__GOAL OF THE EXERCISE__
From the entries that follow, reproduce exactly and only the lines from the line with "Filter_StatObj_In_GT_Area[0Off|1On] : Constant" to the line with "Num_StatObj[] : Outport", endpoints included.

[Stored items]
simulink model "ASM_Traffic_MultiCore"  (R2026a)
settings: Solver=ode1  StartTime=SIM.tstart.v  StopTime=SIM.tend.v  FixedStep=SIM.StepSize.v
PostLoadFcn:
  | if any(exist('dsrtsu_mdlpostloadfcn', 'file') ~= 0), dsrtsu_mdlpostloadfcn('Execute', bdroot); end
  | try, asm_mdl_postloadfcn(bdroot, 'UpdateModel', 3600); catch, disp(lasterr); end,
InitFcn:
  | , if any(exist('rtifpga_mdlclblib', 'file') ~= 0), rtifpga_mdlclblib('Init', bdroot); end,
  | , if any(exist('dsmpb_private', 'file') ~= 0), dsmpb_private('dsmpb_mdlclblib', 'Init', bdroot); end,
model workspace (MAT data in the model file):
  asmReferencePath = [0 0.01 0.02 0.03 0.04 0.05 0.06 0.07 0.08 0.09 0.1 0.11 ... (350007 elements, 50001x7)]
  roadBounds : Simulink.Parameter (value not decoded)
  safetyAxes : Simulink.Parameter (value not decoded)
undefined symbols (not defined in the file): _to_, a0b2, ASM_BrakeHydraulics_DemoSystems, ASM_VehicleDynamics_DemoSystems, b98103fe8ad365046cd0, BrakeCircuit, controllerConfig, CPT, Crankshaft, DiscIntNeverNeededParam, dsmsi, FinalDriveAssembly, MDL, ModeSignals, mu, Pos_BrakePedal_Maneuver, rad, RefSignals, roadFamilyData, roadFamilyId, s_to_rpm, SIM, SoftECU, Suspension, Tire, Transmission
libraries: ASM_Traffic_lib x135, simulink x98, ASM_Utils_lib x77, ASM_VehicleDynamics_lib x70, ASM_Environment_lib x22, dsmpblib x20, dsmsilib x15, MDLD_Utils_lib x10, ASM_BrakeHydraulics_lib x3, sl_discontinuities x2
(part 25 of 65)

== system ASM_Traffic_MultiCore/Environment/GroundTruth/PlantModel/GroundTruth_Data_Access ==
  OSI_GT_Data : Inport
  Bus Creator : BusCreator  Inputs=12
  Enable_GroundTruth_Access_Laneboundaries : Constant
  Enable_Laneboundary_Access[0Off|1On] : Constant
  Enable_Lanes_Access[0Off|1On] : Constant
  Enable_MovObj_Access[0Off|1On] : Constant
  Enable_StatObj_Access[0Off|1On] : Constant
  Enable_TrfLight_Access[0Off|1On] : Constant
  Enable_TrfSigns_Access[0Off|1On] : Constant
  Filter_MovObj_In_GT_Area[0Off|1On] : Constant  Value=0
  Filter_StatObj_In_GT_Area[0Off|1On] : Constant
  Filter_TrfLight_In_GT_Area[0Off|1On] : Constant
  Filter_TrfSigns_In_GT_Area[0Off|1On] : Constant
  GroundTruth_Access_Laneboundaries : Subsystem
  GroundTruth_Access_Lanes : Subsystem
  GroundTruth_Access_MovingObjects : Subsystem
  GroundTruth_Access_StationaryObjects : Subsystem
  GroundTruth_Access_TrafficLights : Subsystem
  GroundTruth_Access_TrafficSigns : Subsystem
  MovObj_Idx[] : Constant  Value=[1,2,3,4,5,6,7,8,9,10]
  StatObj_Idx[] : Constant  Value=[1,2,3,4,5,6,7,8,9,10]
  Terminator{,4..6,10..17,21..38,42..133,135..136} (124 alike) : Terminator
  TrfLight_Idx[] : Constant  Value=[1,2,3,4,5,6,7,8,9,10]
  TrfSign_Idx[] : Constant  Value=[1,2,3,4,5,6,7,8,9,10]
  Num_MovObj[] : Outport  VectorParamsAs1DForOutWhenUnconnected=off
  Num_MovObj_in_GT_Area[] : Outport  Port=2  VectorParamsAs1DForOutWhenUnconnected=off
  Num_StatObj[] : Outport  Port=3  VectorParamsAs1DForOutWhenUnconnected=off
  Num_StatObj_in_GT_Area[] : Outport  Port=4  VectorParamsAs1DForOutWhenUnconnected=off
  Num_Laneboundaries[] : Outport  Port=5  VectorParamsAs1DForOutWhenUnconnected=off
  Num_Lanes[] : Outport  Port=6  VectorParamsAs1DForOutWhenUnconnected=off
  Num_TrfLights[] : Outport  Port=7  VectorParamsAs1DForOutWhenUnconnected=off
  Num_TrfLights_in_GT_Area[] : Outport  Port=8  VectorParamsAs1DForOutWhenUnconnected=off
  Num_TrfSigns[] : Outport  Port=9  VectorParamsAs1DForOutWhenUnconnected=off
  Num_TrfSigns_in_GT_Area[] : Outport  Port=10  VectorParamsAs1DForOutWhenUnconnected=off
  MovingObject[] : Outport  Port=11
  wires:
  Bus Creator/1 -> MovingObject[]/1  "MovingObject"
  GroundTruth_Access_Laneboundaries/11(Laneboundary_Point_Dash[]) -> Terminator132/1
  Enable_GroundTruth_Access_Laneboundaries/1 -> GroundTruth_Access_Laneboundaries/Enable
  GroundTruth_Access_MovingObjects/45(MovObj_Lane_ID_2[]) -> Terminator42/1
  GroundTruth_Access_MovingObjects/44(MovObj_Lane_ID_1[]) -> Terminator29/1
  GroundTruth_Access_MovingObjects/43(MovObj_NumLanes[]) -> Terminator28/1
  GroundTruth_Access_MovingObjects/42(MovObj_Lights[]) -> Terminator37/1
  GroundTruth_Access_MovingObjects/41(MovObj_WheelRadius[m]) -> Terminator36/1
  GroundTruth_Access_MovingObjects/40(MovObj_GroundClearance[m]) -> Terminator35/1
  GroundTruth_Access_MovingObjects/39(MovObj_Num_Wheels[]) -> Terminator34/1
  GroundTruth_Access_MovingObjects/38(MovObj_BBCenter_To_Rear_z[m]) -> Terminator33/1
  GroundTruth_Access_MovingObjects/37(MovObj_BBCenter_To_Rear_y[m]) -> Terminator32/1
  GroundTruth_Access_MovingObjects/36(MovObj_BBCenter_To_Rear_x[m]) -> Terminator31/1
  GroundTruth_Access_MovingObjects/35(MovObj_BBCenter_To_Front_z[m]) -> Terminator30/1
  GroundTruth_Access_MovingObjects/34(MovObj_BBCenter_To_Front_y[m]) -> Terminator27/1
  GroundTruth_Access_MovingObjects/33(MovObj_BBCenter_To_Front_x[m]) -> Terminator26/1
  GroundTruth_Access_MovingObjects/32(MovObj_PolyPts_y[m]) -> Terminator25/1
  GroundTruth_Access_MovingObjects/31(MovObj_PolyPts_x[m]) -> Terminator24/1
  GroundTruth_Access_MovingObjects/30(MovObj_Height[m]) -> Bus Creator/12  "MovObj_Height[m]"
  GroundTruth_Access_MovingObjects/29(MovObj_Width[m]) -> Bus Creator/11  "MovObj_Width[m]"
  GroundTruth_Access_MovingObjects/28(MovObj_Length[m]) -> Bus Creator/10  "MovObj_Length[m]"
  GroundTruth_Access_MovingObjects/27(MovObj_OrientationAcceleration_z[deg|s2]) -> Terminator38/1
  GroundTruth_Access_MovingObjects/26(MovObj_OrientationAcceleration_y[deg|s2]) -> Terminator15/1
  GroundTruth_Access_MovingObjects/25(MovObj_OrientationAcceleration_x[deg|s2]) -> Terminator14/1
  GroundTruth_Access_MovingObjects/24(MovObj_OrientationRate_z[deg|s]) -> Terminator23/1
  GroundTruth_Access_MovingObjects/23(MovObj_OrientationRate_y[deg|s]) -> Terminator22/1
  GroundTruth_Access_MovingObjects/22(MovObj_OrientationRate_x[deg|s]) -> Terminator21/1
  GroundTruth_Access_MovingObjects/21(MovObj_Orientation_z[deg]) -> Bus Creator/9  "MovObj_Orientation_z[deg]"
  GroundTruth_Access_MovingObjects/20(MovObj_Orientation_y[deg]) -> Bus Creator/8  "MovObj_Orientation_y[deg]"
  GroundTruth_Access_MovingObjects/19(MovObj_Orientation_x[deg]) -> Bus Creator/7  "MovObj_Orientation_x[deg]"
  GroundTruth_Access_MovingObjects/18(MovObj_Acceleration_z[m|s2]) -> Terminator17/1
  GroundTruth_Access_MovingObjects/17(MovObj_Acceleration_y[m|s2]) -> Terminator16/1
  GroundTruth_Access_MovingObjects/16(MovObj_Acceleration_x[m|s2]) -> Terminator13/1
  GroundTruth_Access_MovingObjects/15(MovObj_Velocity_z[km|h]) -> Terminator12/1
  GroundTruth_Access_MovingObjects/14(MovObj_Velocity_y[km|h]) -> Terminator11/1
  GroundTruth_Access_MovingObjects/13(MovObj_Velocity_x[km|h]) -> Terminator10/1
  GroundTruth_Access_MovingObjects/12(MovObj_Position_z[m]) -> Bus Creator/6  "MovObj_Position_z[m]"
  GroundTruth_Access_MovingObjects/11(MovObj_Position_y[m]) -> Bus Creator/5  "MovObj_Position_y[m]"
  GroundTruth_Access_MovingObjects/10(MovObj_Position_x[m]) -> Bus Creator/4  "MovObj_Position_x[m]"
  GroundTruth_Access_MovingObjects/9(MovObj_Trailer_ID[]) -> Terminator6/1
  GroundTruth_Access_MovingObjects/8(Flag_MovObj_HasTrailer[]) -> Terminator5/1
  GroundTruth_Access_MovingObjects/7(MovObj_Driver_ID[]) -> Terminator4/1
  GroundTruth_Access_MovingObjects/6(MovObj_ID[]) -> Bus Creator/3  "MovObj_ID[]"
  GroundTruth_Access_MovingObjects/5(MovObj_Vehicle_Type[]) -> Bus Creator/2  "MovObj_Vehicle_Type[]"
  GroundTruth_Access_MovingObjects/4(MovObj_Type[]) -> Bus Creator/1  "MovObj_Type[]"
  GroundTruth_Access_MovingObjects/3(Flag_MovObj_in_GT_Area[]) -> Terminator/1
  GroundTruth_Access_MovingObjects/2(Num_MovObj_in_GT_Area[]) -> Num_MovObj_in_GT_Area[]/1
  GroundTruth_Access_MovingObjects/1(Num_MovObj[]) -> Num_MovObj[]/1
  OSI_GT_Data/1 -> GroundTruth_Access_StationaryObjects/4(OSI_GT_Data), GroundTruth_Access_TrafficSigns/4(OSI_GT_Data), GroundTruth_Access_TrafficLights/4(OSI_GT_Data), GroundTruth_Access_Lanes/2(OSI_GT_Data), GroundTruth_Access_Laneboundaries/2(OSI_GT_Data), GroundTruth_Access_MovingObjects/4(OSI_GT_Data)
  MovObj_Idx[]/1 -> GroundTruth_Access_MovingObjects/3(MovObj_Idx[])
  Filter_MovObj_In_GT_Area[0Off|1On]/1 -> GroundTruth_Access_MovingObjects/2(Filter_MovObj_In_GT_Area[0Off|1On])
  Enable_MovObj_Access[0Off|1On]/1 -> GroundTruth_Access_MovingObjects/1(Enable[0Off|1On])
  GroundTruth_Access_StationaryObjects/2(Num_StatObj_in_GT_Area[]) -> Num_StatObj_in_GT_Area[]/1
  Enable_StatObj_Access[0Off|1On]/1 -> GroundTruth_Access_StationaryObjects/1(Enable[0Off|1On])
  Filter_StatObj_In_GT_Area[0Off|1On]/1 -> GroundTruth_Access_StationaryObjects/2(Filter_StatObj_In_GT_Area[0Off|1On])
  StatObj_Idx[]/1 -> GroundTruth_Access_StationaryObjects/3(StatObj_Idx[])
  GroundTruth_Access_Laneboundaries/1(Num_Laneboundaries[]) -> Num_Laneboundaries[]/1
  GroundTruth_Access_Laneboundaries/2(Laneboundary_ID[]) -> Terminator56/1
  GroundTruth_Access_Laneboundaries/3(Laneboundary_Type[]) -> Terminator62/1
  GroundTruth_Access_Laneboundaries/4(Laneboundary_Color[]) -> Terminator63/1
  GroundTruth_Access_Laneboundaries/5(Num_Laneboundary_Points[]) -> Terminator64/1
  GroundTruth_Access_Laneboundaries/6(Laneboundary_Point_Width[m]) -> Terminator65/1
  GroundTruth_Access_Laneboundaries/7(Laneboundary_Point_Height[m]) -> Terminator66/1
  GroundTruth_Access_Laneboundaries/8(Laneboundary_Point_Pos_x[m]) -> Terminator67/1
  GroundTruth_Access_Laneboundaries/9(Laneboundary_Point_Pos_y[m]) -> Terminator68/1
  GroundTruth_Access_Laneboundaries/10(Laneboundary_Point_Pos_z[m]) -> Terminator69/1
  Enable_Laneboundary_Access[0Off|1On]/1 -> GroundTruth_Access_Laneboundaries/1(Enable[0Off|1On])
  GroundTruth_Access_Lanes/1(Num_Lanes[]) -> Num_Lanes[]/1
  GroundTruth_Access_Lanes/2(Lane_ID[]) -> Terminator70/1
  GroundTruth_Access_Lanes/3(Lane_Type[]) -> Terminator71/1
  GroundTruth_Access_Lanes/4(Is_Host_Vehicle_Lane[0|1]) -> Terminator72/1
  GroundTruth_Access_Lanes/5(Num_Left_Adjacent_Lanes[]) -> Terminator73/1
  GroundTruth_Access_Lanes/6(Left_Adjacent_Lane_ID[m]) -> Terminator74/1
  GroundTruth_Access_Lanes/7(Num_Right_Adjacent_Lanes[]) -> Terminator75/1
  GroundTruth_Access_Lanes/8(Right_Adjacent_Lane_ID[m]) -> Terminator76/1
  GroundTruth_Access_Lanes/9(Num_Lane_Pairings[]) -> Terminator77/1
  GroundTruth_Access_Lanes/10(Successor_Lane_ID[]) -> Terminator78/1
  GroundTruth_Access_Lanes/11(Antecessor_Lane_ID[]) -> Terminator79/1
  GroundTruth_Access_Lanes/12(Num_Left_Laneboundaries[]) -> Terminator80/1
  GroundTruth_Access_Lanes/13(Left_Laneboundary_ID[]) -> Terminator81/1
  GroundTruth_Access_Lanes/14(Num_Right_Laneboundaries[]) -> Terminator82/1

__EXERCISE RESPONSE__
  Filter_StatObj_In_GT_Area[0Off|1On] : Constant
  Filter_TrfLight_In_GT_Area[0Off|1On] : Constant
  Filter_TrfSigns_In_GT_Area[0Off|1On] : Constant
  GroundTruth_Access_Laneboundaries : Subsystem
  GroundTruth_Access_Lanes : Subsystem
  GroundTruth_Access_MovingObjects : Subsystem
  GroundTruth_Access_StationaryObjects : Subsystem
  GroundTruth_Access_TrafficLights : Subsystem
  GroundTruth_Access_TrafficSigns : Subsystem
  MovObj_Idx[] : Constant  Value=[1,2,3,4,5,6,7,8,9,10]
  StatObj_Idx[] : Constant  Value=[1,2,3,4,5,6,7,8,9,10]
  Terminator{,4..6,10..17,21..38,42..133,135..136} (124 alike) : Terminator
  TrfLight_Idx[] : Constant  Value=[1,2,3,4,5,6,7,8,9,10]
  TrfSign_Idx[] : Constant  Value=[1,2,3,4,5,6,7,8,9,10]
  Num_MovObj[] : Outport  VectorParamsAs1DForOutWhenUnconnected=off
  Num_MovObj_in_GT_Area[] : Outport  Port=2  VectorParamsAs1DForOutWhenUnconnected=off
  Num_StatObj[] : Outport  Port=3  VectorParamsAs1DForOutWhenUnconnected=off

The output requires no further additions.